# Köder-Dreibein



## Tino (12. Februar 2017)

Hallo an alle

Wäre schön wenn ihr hier eure Köderdreibeine reinstellen würdet.

Eigenbauten und oder Verbesserungen bei einem gekauften sollen hier auch rein.

Ich baue meines diese Woche komplett neu.

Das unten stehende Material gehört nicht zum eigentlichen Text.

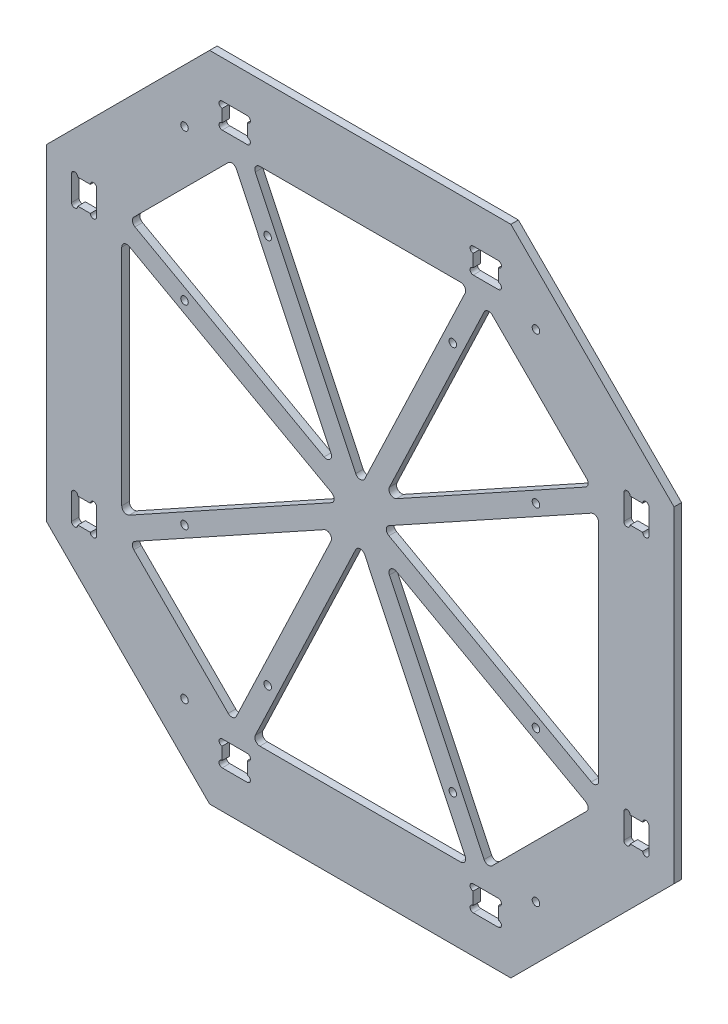
SolidWorks part; units mm, degrees
material "Thornel Mat VMA"
ref_plane "前视基准面" through (0, 0, 0) normal (0, 0, 1) x (1, 0, 0)
ref_plane "上视基准面" through (0, 0, 0) normal (0, 1, 0) x (1, 0, 0)
ref_plane "右视基准面" through (0, 0, 0) normal (1, 0, 0) x (0, 0, -1)
sketch "草图1" plane through (0, 0, 0) normal (0, 0, 1) x (1, 0, 0)
  line L1 (-125, -130) -> (125, -130)
  line L2 (-125, -130) -> (-125, 130)
  line L3 (-125, 130) -> (125, 130)
  line L4 (125, -130) -> (125, 130)
  line L5 (0, 130) -> (0, -130) construction
  line L6 (-125, 0) -> (125, 0) construction
  point P0 (0, 0)
  dimension "D1" = 250
  dimension "D2" = 260
extrude "凸台-拉伸1" add sketch "草图1" along normal mid plane 3
sketch "草图2" plane through (0, 0, -1.5) normal (0, 0, -1) x (-1, 0, 0)
  line L0 (0, 0) -> (125, 0) construction
  line L1 (125, 130) -> (125, -130) construction
  line L2 (55, -105) -> (55, -115)
  line L3 (45, -105) -> (55, -105)
  line L4 (-55, 105) -> (-45, 105)
  line L5 (-45, 105) -> (-45, 115)
  line L6 (-45, 115) -> (-55, 115)
  line L7 (-55, 115) -> (-55, 105)
  line L8 (-55, 105) -> (-45, 105)
  line L9 (-45, 105) -> (-45, 115)
  line L10 (-45, 115) -> (-55, 115)
  line L11 (-55, 115) -> (-55, 105)
  line L12 (55, 115) -> (45, 115)
  line L13 (45, 115) -> (45, 105)
  line L14 (45, 105) -> (55, 105)
  line L15 (55, 105) -> (55, 115)
  line L16 (55, 115) -> (45, 115)
  line L17 (45, 115) -> (45, 105)
  line L18 (45, 105) -> (55, 105)
  line L19 (55, 105) -> (55, 115)
  line L20 (105, 60) -> (105, 50)
  line L21 (105, 50) -> (115, 50)
  line L22 (115, 50) -> (115, 60)
  line L23 (115, 60) -> (105, 60)
  line L24 (105, 60) -> (105, 50)
  line L25 (105, 50) -> (115, 50)
  line L26 (115, 50) -> (115, 60)
  line L27 (115, 60) -> (105, 60)
  line L28 (115, -60) -> (115, -50)
  line L29 (115, -50) -> (105, -50)
  line L30 (105, -50) -> (105, -60)
  line L31 (105, -60) -> (115, -60)
  line L32 (115, -60) -> (115, -50)
  line L33 (115, -50) -> (105, -50)
  line L34 (105, -50) -> (105, -60)
  line L35 (105, -60) -> (115, -60)
  line L36 (45, -115) -> (45, -105)
  line L37 (55, -115) -> (45, -115)
  line L38 (-55, -115) -> (-55, -105)
  line L39 (-45, -115) -> (-55, -115)
  line L40 (-45, -105) -> (-45, -115)
  line L41 (-55, -105) -> (-45, -105)
  line L42 (0, 0) -> (0, 130) construction
  line L43 (-125, 130) -> (125, 130) construction
  line L44 (-115, 60) -> (-105, 60)
  line L45 (-115, 50) -> (-115, 60)
  line L46 (-105, 50) -> (-115, 50)
  line L47 (-105, 60) -> (-105, 50)
  line L48 (-105, -60) -> (-115, -60)
  line L49 (-105, -50) -> (-105, -60)
  line L50 (-115, -50) -> (-105, -50)
  line L51 (-115, -60) -> (-115, -50)
  dimension "D1" = 0
  dimension "D2" = 0
  dimension "D3" = 0
  dimension "D4" = 0
extrude "切除-拉伸1" cut sketch "草图2" against normal mid plane 10
sketch "草图3" plane through (0, 0, -1.5) normal (0, 0, -1) x (-1, 0, 0)
  line L0 (-55, 115) -> (-55, 105) construction
  line L1 (-45, 105) -> (-45, 115) construction
  line L2 (0, 0) -> (0, 130) construction
  line L3 (-125, 130) -> (125, 130) construction
  circle A0 centre (-55, 113.75) radius 1.25
  circle A1 centre (-55, 106.25) radius 1.25
  circle A2 centre (-45, 106.25) radius 1.25
  circle A3 centre (-45, 113.75) radius 1.25
  circle A4 centre (45, 113.75) radius 1.25
  circle A5 centre (45, 106.25) radius 1.25
  circle A6 centre (55, 106.25) radius 1.25
  circle A7 centre (55, 113.75) radius 1.25
  dimension "D1" = 2.5
extrude "切除-拉伸2" cut sketch "草图3" against normal mid plane 10
sketch "草图4" plane through (0, 0, -1.5) normal (0, 0, -1) x (-1, 0, 0)
  line L0 (115, 60) -> (105, 60) construction
  line L1 (105, 50) -> (115, 50) construction
  line L2 (105, 60) -> (105, 50) construction
  line L3 (0, 0) -> (125, 0) construction
  line L4 (125, 130) -> (125, -130) construction
  circle A0 centre (106.25, 60) radius 1.25
  circle A1 centre (113.75, 60) radius 1.25
  circle A2 centre (106.25, 50) radius 1.25
  circle A3 centre (113.75, 50) radius 1.25
  circle A4 centre (113.75, -50) radius 1.25
  circle A5 centre (106.25, -50) radius 1.25
  circle A6 centre (113.75, -60) radius 1.25
  circle A7 centre (106.25, -60) radius 1.25
  dimension "D1" = 2.5
extrude "切除-拉伸3" cut sketch "草图4" against normal mid plane 10
mirror "镜向1" about plane through (0, 0, 0) normal (1, 0, 0) of "切除-拉伸3"
mirror "镜向2" about plane through (0, 0, 0) normal (0, 1, 0) of "切除-拉伸2"
sketch "草图5" plane through (0, 0, -1.5) normal (0, 0, -1) x (-1, 0, 0)
  line L0 (-60, 130) -> (-125, 65)
  line L1 (-125, 130) -> (125, 130) construction
  line L2 (-125, -130) -> (-125, 130) construction
  line L3 (-55, 112.5) -> (-55, 107.5) construction
  line L4 (-107.5, 60) -> (-112.5, 60) construction
  line L5 (0, 0) -> (125, 0) construction
  line L6 (125, 130) -> (125, -130) construction
  line L7 (-125, 65) -> (-125, 130)
  line L8 (-125, 130) -> (-60, 130)
  line L9 (-125, -130) -> (-60, -130)
  line L10 (-125, -65) -> (-125, -130)
  line L11 (-60, -130) -> (-125, -65)
  dimension "D1" = 5
  dimension "D2" = 5
extrude "切除-拉伸4" cut sketch "草图5" against normal mid plane 10
mirror "镜向3" about plane through (0, 0, 0) normal (1, 0, 0) of "切除-拉伸4"
sketch "草图6" plane through (0, 0, -1.5) normal (0, 0, -1) x (-1, 0, 0)
  line L16 (95, -52.5736) -> (95, 52.5736)
  line L17 (95, 52.5736) -> (47.5736, 100)
  line L18 (47.5736, 100) -> (-47.5736, 100)
  line L19 (-47.5736, 100) -> (-95, 52.5736)
  line L20 (-95, 52.5736) -> (-95, -52.5736)
  line L21 (-95, -52.5736) -> (-47.5736, -100)
  line L22 (-47.5736, -100) -> (47.5736, -100)
  line L23 (47.5736, -100) -> (95, -52.5736)
  line L24 (95, -52.5736) -> (95, 52.5736)
  line L25 (95, 52.5736) -> (47.5736, 100)
  line L26 (47.5736, 100) -> (-47.5736, 100)
  line L27 (-47.5736, 100) -> (-95, 52.5736)
  line L28 (-95, 52.5736) -> (-95, -52.5736)
  line L29 (-95, -52.5736) -> (-47.5736, -100)
  line L30 (-47.5736, -100) -> (47.5736, -100)
  line L31 (47.5736, -100) -> (95, -52.5736)
  dimension "D1" = 30
extrude "切除-拉伸5" cut sketch "草图6" against normal mid plane 10
sketch "草图7" plane through (0, 0, -1.5) normal (0, 0, -1) x (-1, 0, 0)
  line L0 (-47.5736, 100) -> (47.5736, -100) construction
  line L1 (47.5736, 100) -> (-47.5736, -100) construction
  line L2 (-95, 52.5736) -> (0, 0) construction
  line L3 (-95, -52.5736) -> (95, 52.5736) construction
  line L4 (-51.1857, 98.2816) -> (-8.9647, 9.5328)
  line L5 (43.9615, 101.7184) -> (0, 9.311)
  line L6 (-96.9368, 49.0738) -> (-8.261, 0)
  line L7 (-93.0632, -56.0734) -> (-8.9647, -9.5328)
  line L8 (-43.9615, 101.7184) -> (0, 9.311)
  line L9 (51.1857, 98.2816) -> (8.9647, 9.5328)
  line L10 (-93.0632, 56.0734) -> (-8.9647, 9.5328)
  line L11 (-96.9368, -49.0738) -> (-8.261, 0)
  line L12 (-51.1857, 98.2816) -> (-43.9615, 101.7184)
  line L13 (43.9615, -101.7184) -> (51.1857, -98.2816)
  line L14 (43.9615, 101.7184) -> (51.1857, 98.2816)
  line L15 (-51.1857, -98.2816) -> (-43.9615, -101.7184)
  line L16 (-96.9368, 49.0738) -> (-93.0632, 56.0734)
  line L17 (93.0632, -56.0734) -> (96.9368, -49.0738)
  line L18 (-93.0632, -56.0734) -> (-96.9368, -49.0738)
  line L19 (96.9368, 49.0738) -> (93.0632, 56.0734)
  line L21 (-93.0632, -56.0734) -> (96.9368, 49.0738) construction
  line L22 (-8.9647, -9.5328) -> (-51.1857, -98.2816)
  line L23 (43.9615, 101.7184) -> (-51.1857, -98.2816) construction
  line L24 (0, -9.311) -> (43.9615, -101.7184)
  line L25 (-51.1857, 98.2816) -> (43.9615, -101.7184) construction
  line L27 (-96.9368, 49.0738) -> (93.0632, -56.0734) construction
  line L29 (-96.9368, -49.0738) -> (93.0632, 56.0734) construction
  line L32 (-93.0632, 56.0734) -> (96.9368, -49.0738) construction
  line L35 (-43.9615, 101.7184) -> (51.1857, -98.2816) construction
  line L36 (8.9647, 9.5328) -> (93.0632, 56.0734)
  line L38 (51.1857, 98.2816) -> (-43.9615, -101.7184) construction
  line L39 (8.261, 0) -> (96.9368, -49.0738)
  line L41 (8.9647, -9.5328) -> (51.1857, -98.2816)
  line L42 (0, 0) -> (95, -52.5736) construction
  line L43 (-95, 52.5736) -> (95, -52.5736) construction
  line L45 (8.261, 0) -> (96.9368, 49.0738)
  line L46 (0, -9.311) -> (-43.9615, -101.7184)
  line L47 (8.9647, -9.5328) -> (93.0632, -56.0734)
  dimension "D1" = 4
  dimension "D2" = 4
extrude "凸台-拉伸2" add sketch "草图7" against normal up to surface (3 mm away) up to face at (0, 0, 1.5)
sketch "草图8" [suppressed] plane through (0, 0, 1.5) normal (0, 0, 1) x (1, 0, 0)
  line L0 (55, 105) -> (45, 105) construction
  line L1 (-105, -105) -> (105, -105)
  line L2 (-105, -105) -> (-105, 105)
  line L3 (-105, 105) -> (105, 105)
  line L4 (105, -105) -> (105, 105)
  line L5 (0, 105) -> (0, -105) construction
  line L6 (-105, 0) -> (105, 0) construction
  line L7 (105, 50) -> (105, 60) construction
  point P0 (0, 0)
extrude "切除-拉伸6" [suppressed] cut sketch "草图8" against normal blind 10
sketch "草图9" plane through (0, 0, -1.5) normal (0, 0, -1) x (-1, 0, 0)
  line L4 (85, 295) -> (55, 295)
  line L5 (55, 295) -> (55, -295)
  line L6 (55, -295) -> (85, -295)
  line L7 (85, -295) -> (85, 295)
  line L8 (85, 295) -> (55, 295) construction
  line L9 (55, 295) -> (55, -295) construction
  line L10 (55, -295) -> (85, -295) construction
  line L11 (85, -295) -> (85, 295) construction
  line L60 (55, 30.4373) -> (85, 47.0395) construction
  line L61 (8.261, 0) -> (95, 48.0019) construction
  line L63 (92.057, 55.5166) -> (8.9647, 9.5328) construction
  line L64 (70, 38.7384) -> (70, 98.7384) construction
  line L65 (0, 0) -> (125, 0) construction
  line L66 (125, 65) -> (125, -65) construction
  line L67 (70, -38.7384) -> (70, -98.7384) construction
  line L68 (55, -30.4373) -> (85, -47.0395) construction
  circle A0 centre (70, 38.7384) radius 1.5
  circle A1 centre (70, 98.7384) radius 1.5
  circle A2 centre (70, -98.7384) radius 1.5
  circle A3 centre (70, -38.7384) radius 1.5
  dimension "D3" = 3
  dimension "D2" = 4
  dimension "D4" = 60
  dimension "D1" = 0
extrude "切除-拉伸7" cut sketch "草图9" against normal blind 10
mirror "镜向4" about plane through (0, 0, 0) normal (1, 0, 0) of "切除-拉伸7"
fillet "圆角1" radius 2 24 edges at (8.261, 0, 0) (95, -48.0019, 0) (95, 48.0019, 0) (8.9647, 9.5328, 0) (92.057, 55.5166, 0) (50.5752, 96.9984, 0) (0, 9.311, 0) (43.144, 100, 0) (-43.144, 100, 0) (-8.9647, 9.5328, 0) (-50.5752, 96.9984, 0) (-92.057, 55.5166, 0) (-8.261, 0, 0) (-95, 48.0019, 0) (-95, -48.0019, 0) (-8.9647, -9.5328, 0) (-92.057, -55.5166, 0) (-50.5752, -96.9984, 0) (0, -9.311, 0) (-43.144, -100, 0) (43.144, -100, 0) (8.9647, -9.5328, 0) (92.057, -55.5166, 0) (50.5752, -96.9984, 0)
sketch "草图10" plane through (0, 0, -1.5) normal (0, 0, -1) x (-1, 0, 0)
  line L0 (-41.7838, -97.1408) -> (-49.0079, -93.704) construction
  line L1 (-36.8695, -77.5) -> (36.8695, -77.5) construction
  line L2 (-36.8695, -77.5) -> (-36.8695, 77.5) construction
  line L3 (-36.8695, 77.5) -> (36.8695, 77.5) construction
  line L4 (36.8695, -77.5) -> (36.8695, 77.5) construction
  line L5 (0, 77.5) -> (0, -77.5) construction
  line L6 (-36.8695, 0) -> (36.8695, 0) construction
  line L7 (-41.7838, -97.1408) -> (-1.806, -13.1073) construction
  line L8 (-11.641, -15.1583) -> (-49.3582, -94.4402) construction
  line L9 (-45.3959, -95.4224) -> (44.5639, 93.6735) construction
  line L10 (11.641, 15.1583) -> (49.3582, 94.4402) construction
  circle A0 centre (36.8695, 77.5) radius 1.5
  circle A1 centre (-36.8695, 77.5) radius 1.5
  circle A2 centre (-36.8695, -77.5) radius 1.5
  circle A3 centre (36.8695, -77.5) radius 1.5
  point P0 (0, 0)
  dimension "D2" = 3
  dimension "D1" = 155
extrude "切除-拉伸8" cut sketch "草图10" against normal blind 10
sketch "草图11" [suppressed] plane through (0, 0, -1.5) normal (0, 0, -1) x (-1, 0, 0)
  line L0 (-125, -122.5) -> (125, -122.5) construction
  line L1 (-125, -130) -> (-125, 130) construction
  line L2 (125, 130) -> (125, -130) construction
  line L3 (125, -130) -> (-125, -130) construction
  line L4 (0, -122.5) -> (0, -130) construction
  circle A0 centre (-100, -122.5) radius 1.525
  circle A1 centre (100, -122.5) radius 1.525
  circle A2 centre (0, -122.5) radius 1.525
  dimension "D2" = 3.05
  dimension "D1" = 7.5
  dimension "D3" = 100
extrude "切除-拉伸9" [suppressed] cut sketch "草图11" against normal blind 10
mirror "镜向5" [suppressed] about plane through (0, 0, 0) normal (0, 1, 0)
sketch "草图12" [suppressed] plane through (0, 0, -1.5) normal (0, 0, -1) x (-1, 0, 0)
  line L1 (-90, -90) -> (90, -90)
  line L2 (-90, -90) -> (-90, 90)
  line L3 (-90, 90) -> (90, 90)
  line L4 (90, -90) -> (90, 90)
  line L5 (0, 90) -> (0, -90) construction
  line L6 (-90, 0) -> (90, 0) construction
  point P0 (0, 0)
  dimension "D1" = 180
extrude "切除-拉伸10" [suppressed] cut sketch "草图12" against normal blind 10
fillet "圆角2" [suppressed] radius 5
sketch "草图13" [suppressed] plane through (0, 0, -1.5) normal (0, 0, -1) x (-1, 0, 0)
  line L0 (-55, 107.5) -> (-55, 105)
  line L1 (-45, 107.5) -> (-45, 105)
  line L2 (45, 107.5) -> (45, 105)
  line L3 (55, 107.5) -> (55, 105)
  line L4 (-107.5, 60) -> (-105, 60)
  line L5 (-107.5, 50) -> (-105, 50)
  line L6 (-107.5, -50) -> (-105, -50)
  line L7 (-107.5, -60) -> (-105, -60)
  line L8 (55, -107.5) -> (55, -105)
  line L9 (0, 0) -> (203.8061, 0) construction
  line L10 (45, -107.5) -> (45, -105)
  line L11 (-45, -107.5) -> (-45, -105)
  line L12 (-55, -107.5) -> (-55, -105)
  line L13 (0, 105) -> (0, 0) construction
  line L14 (45, 105) -> (-45, 105) construction
  line L15 (107.5, -60) -> (105, -60)
  line L16 (107.5, -50) -> (105, -50)
  line L17 (107.5, 50) -> (105, 50)
  line L18 (107.5, 60) -> (105, 60)
  arc A0 (-55, 107.5) -> (-55, 105) centre (-55, 106.25) ccw construction
  arc A1 (-55, 107.5) -> (-55, 105) centre (-55, 106.25) ccw
  arc A2 (-45, 105) -> (-45, 107.5) centre (-45, 106.25) ccw construction
  arc A3 (-45, 105) -> (-45, 107.5) centre (-45, 106.25) ccw
  arc A4 (45, 107.5) -> (45, 105) centre (45, 106.25) ccw construction
  arc A5 (45, 107.5) -> (45, 105) centre (45, 106.25) ccw
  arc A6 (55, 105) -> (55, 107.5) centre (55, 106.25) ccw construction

Basis wird dafür nen Fotostativ sein.
Alles weitere kommt dann natürlich auch mit Bildern.

Bin gespannt was ihr so gebaut habt.


----------



## familienvater (12. Februar 2017)

*AW: Köder-Dreibein*

Hallo ,würde mich auch intressieren . Bin auf der Suche nach einem günstigen Dreibein mit möglichst kleinem Packmaß . Da ich es nur einmal pro Jahr im Urlaub verwende . Habe mir ein günstiges "Klappergestell" gekauft und will es evtl verbessern  oder mir selber eins bauen . Daher wäre ich über jeden Tip bzw Bauanleitung dankbar .
Dickes Petri vom
familienvater #h#h#h


----------



## Tino (12. Februar 2017)

*AW: Köder-Dreibein*

Für einmal im Jahr würde ich ne Köderbox vom Feederangeln nehmen ,die man auf nen Bankstick schrauben kann.


----------



## DER MÄCHTIGE (12. Februar 2017)

*AW: Köder-Dreibein*

Moinsen
Einfach ein fotostativ vom Flohmarkt wenn geht mit passender platte .
Platte mit va nieten an eine schraubenbox mit Deckel  oder eine schachtel aus dem angelzubehör ohne Einteilung befestigen   fertig 

Vieleicht seitlich noch ein paar haken für ersatzvorfächer 

Und wichtig an einem Bein ein Stück heizrohrisolierung für die lange ködernadel reinpieksen und gut hält immer aus jeder Richtung 


Liebe grüße aus dem norden #h#h#h


----------



## JottU (12. Februar 2017)

*AW: Köder-Dreibein*

Was nicht alles gibt.|bigeyes
Gut mit Meeres angeln hab ich nun auch nicht so Erfahrung,daher musste ich die Tante fragen.|kopfkrat
https://www.youtube.com/watch?v=e3MreYyb9lc


----------



## Hering 58 (13. Februar 2017)

*AW: Köder-Dreibein*

Ich habe dies hier http://www.angelsport.de/kogha-feeder-meeresangler-dreibein_0154036.html


----------



## Tino (15. Februar 2017)

*AW: Köder-Dreibein*

Hier ein paar Bilder von meinem neuen Köder Dreibein 

Der Arm mit der Köder Plattform wird aber am Brandungsdreibein 
montiert, da es am Köder Dreibein zu schwer wird, wenn in allen Boxen Köder liegen. 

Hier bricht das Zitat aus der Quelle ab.